Return exactly the final stretch of the records below, opening with the line that contains "# CirPattern3: Boss-Extrude3" and closing with the last line.

------

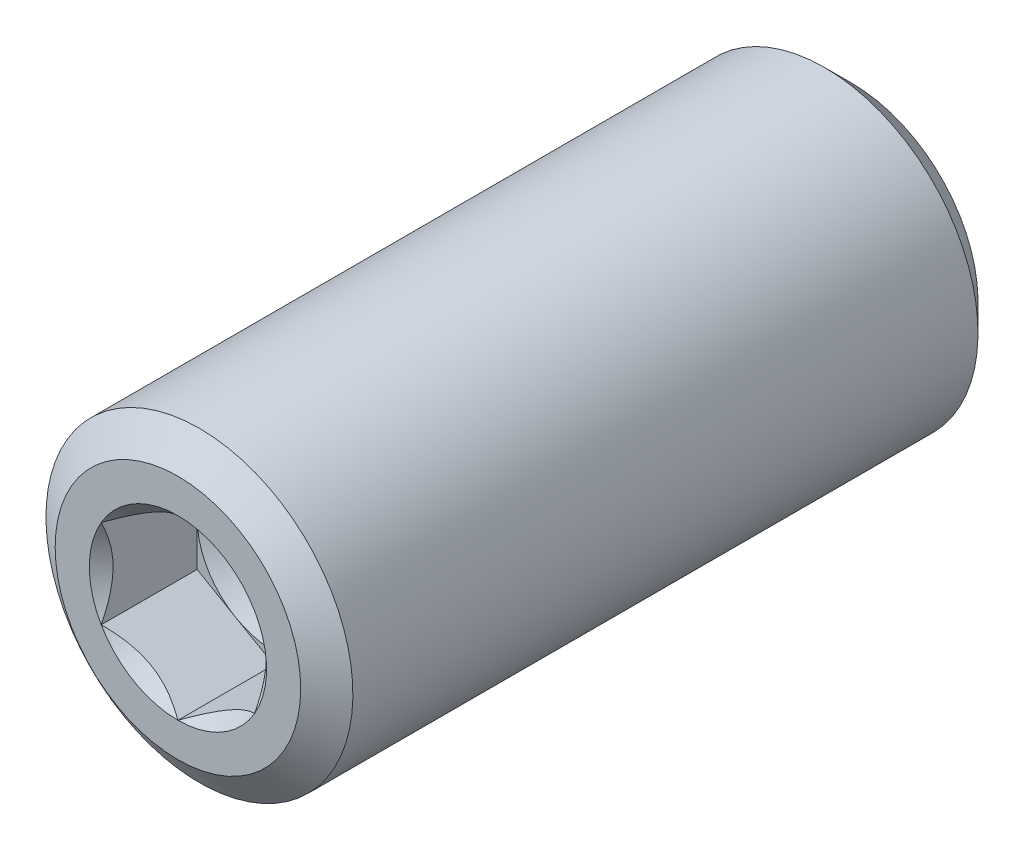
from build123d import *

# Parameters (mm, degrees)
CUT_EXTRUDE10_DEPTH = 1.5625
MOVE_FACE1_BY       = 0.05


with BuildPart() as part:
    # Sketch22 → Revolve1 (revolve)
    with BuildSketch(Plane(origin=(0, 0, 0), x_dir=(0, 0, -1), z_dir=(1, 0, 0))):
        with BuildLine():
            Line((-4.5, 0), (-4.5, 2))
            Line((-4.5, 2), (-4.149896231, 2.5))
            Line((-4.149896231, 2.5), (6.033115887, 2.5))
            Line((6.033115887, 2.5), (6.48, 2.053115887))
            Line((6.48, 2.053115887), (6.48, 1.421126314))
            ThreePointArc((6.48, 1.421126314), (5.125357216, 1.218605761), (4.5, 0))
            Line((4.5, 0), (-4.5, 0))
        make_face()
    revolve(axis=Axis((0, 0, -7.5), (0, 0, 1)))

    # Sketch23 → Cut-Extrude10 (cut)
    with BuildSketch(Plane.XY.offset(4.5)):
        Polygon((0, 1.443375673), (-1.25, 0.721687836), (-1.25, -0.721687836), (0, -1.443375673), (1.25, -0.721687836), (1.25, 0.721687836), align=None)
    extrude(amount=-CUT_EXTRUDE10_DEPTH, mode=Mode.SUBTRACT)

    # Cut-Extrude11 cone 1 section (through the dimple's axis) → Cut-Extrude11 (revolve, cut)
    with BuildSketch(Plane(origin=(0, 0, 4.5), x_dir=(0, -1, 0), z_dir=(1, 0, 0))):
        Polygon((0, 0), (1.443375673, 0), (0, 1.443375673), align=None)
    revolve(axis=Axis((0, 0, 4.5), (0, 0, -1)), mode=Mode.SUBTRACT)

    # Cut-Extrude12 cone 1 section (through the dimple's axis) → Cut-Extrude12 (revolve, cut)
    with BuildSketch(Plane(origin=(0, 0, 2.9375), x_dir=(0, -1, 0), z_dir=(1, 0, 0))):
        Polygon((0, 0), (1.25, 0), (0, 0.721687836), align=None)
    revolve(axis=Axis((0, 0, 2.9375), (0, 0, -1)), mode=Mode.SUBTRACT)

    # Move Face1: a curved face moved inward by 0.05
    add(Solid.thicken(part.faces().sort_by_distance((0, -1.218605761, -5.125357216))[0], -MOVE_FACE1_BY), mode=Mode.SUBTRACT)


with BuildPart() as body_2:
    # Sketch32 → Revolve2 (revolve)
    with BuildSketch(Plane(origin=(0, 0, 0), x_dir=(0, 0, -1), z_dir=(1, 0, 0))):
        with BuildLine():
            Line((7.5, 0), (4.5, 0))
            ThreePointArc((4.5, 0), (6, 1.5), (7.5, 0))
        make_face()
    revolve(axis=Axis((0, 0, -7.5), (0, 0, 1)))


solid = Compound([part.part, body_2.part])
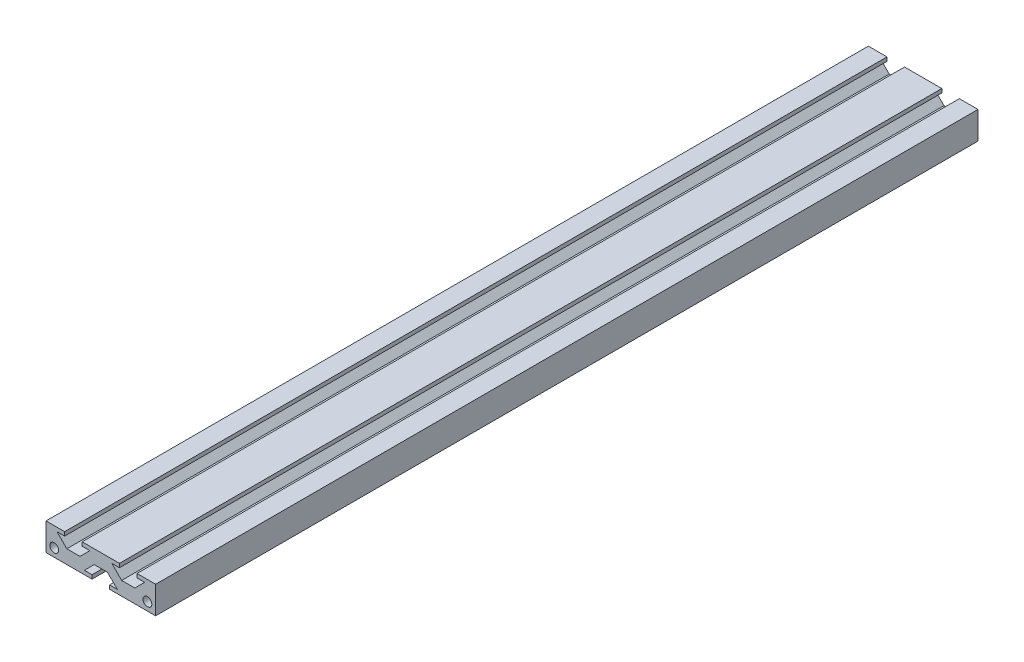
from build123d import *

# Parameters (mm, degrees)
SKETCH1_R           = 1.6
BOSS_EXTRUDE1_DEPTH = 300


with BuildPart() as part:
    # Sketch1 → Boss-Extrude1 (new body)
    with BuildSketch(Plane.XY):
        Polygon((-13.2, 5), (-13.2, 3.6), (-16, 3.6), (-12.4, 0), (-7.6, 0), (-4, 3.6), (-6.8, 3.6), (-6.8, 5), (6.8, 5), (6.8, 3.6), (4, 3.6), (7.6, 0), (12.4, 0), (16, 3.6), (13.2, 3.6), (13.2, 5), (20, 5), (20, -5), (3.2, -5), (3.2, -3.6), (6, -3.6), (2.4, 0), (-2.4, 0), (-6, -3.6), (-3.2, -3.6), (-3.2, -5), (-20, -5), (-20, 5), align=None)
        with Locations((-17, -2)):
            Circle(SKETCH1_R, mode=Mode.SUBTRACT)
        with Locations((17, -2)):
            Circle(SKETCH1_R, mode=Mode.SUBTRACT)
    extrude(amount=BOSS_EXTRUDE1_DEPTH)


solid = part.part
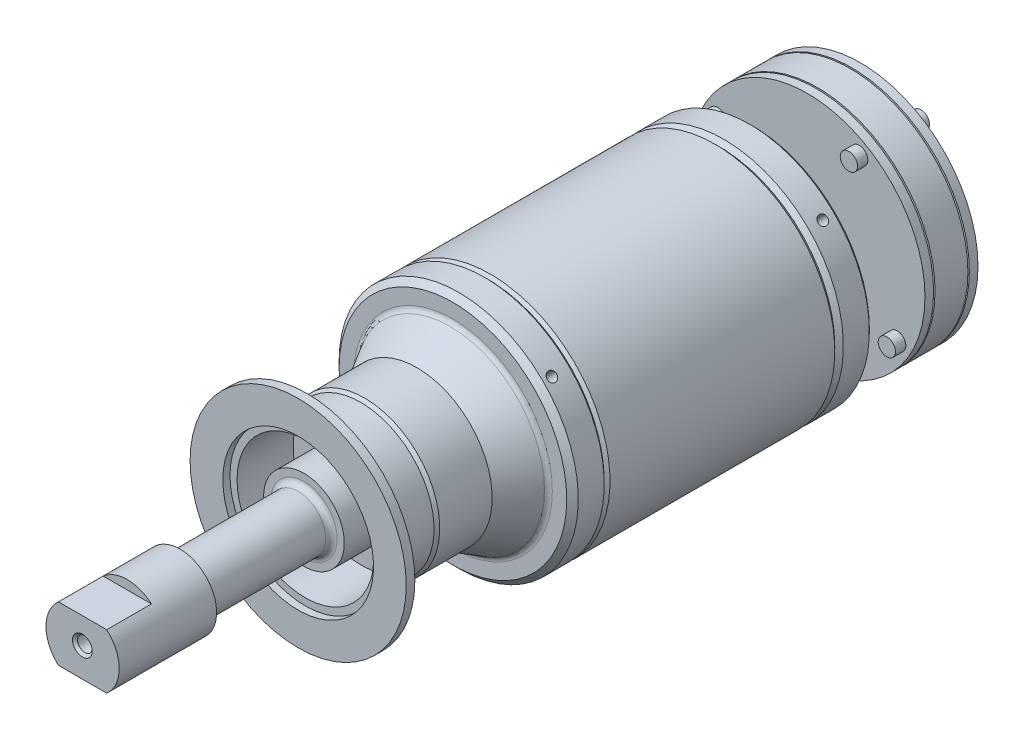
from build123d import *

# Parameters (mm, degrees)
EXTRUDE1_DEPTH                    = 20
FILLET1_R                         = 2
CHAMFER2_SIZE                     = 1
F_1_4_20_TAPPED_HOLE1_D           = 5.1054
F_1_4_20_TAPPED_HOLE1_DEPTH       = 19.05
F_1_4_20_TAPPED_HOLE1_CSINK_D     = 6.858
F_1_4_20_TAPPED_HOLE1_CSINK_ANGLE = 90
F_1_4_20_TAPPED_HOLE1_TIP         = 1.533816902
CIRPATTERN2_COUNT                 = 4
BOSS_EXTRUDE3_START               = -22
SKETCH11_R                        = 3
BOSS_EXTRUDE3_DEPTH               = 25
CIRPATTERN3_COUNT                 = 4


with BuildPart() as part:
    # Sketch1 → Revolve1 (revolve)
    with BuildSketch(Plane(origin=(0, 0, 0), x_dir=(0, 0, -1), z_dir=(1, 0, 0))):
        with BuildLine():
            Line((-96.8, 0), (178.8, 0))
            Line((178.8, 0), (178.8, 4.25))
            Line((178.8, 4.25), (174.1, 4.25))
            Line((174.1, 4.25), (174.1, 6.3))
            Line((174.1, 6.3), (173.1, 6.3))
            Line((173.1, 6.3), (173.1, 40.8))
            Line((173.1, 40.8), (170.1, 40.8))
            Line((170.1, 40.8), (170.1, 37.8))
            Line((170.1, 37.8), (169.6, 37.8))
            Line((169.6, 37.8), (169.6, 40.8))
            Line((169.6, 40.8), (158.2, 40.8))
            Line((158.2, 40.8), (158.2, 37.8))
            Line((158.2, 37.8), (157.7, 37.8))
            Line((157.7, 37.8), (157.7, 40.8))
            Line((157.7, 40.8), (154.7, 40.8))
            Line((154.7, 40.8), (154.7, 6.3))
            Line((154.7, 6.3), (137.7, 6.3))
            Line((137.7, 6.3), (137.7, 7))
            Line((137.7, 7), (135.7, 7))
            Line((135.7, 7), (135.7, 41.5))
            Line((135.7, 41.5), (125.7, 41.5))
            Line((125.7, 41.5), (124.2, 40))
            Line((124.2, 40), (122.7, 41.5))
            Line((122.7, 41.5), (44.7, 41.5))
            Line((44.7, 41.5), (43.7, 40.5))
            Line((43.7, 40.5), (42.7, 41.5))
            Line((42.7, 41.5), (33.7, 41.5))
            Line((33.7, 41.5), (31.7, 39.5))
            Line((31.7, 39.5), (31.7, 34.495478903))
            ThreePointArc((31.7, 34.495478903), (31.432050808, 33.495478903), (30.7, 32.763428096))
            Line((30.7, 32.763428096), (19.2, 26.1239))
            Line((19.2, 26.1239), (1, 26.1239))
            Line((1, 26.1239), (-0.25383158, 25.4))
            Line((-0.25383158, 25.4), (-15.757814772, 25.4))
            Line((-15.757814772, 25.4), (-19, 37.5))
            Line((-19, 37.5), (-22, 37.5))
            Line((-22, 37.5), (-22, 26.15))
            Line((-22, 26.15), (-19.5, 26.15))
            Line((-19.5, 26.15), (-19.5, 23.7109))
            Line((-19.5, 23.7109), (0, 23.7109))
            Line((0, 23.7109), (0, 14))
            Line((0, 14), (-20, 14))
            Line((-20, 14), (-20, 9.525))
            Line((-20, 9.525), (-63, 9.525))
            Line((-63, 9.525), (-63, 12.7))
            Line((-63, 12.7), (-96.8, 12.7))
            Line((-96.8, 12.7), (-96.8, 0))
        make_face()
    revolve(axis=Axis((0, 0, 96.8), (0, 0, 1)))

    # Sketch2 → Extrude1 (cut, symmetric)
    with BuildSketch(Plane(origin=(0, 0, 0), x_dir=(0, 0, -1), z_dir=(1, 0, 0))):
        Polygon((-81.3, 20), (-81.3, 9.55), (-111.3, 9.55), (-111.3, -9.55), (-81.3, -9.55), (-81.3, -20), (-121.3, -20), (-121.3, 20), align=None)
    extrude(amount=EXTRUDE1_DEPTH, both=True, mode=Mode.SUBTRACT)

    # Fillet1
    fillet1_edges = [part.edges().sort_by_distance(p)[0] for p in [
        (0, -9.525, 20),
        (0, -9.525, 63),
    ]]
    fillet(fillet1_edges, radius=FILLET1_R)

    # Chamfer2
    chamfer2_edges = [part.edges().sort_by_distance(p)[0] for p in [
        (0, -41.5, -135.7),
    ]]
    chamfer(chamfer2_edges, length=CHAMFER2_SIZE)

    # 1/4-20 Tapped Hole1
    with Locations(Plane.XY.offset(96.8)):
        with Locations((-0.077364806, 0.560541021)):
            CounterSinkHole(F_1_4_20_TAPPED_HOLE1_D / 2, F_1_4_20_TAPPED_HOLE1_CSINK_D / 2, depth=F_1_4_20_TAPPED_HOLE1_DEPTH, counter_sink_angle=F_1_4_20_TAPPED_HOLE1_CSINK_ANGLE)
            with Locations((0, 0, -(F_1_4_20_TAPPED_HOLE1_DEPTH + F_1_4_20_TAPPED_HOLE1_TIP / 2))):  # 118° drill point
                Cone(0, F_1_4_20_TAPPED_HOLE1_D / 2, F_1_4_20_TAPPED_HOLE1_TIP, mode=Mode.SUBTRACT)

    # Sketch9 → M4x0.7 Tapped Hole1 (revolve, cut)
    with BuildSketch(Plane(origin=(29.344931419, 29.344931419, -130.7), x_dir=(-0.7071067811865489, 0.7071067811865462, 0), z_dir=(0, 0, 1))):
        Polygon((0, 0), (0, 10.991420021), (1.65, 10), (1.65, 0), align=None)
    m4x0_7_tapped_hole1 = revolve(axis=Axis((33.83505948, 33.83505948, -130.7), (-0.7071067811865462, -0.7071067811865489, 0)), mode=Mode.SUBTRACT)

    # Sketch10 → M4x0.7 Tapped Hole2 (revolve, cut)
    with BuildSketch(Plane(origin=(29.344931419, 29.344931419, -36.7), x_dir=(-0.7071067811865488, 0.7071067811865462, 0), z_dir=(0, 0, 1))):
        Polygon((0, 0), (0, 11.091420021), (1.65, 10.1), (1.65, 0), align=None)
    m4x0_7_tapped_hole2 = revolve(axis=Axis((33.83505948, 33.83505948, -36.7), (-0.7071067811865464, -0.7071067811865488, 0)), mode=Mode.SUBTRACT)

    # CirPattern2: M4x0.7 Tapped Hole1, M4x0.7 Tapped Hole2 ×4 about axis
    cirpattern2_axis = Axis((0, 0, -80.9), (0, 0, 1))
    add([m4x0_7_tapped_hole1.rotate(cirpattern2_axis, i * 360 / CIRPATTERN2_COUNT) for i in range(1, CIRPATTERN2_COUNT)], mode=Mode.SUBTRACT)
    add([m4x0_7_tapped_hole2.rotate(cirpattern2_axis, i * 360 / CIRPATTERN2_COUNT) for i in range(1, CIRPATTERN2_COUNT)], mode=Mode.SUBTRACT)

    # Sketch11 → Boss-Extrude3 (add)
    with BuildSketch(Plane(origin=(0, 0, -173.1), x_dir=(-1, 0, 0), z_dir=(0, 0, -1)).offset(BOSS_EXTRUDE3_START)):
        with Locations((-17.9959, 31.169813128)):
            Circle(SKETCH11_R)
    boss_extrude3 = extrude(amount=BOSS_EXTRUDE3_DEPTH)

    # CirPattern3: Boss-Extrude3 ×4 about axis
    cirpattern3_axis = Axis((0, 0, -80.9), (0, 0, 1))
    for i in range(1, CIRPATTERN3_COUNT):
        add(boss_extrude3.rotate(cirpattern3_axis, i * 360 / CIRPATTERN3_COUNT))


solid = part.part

------

COMPLETED TASK:
    # CirPattern3: Boss-Extrude3 ×4 about axis
    cirpattern3_axis = Axis((0, 0, -80.9), (0, 0, 1))
    for i in range(1, CIRPATTERN3_COUNT):
        add(boss_extrude3.rotate(cirpattern3_axis, i * 360 / CIRPATTERN3_COUNT))


solid = part.part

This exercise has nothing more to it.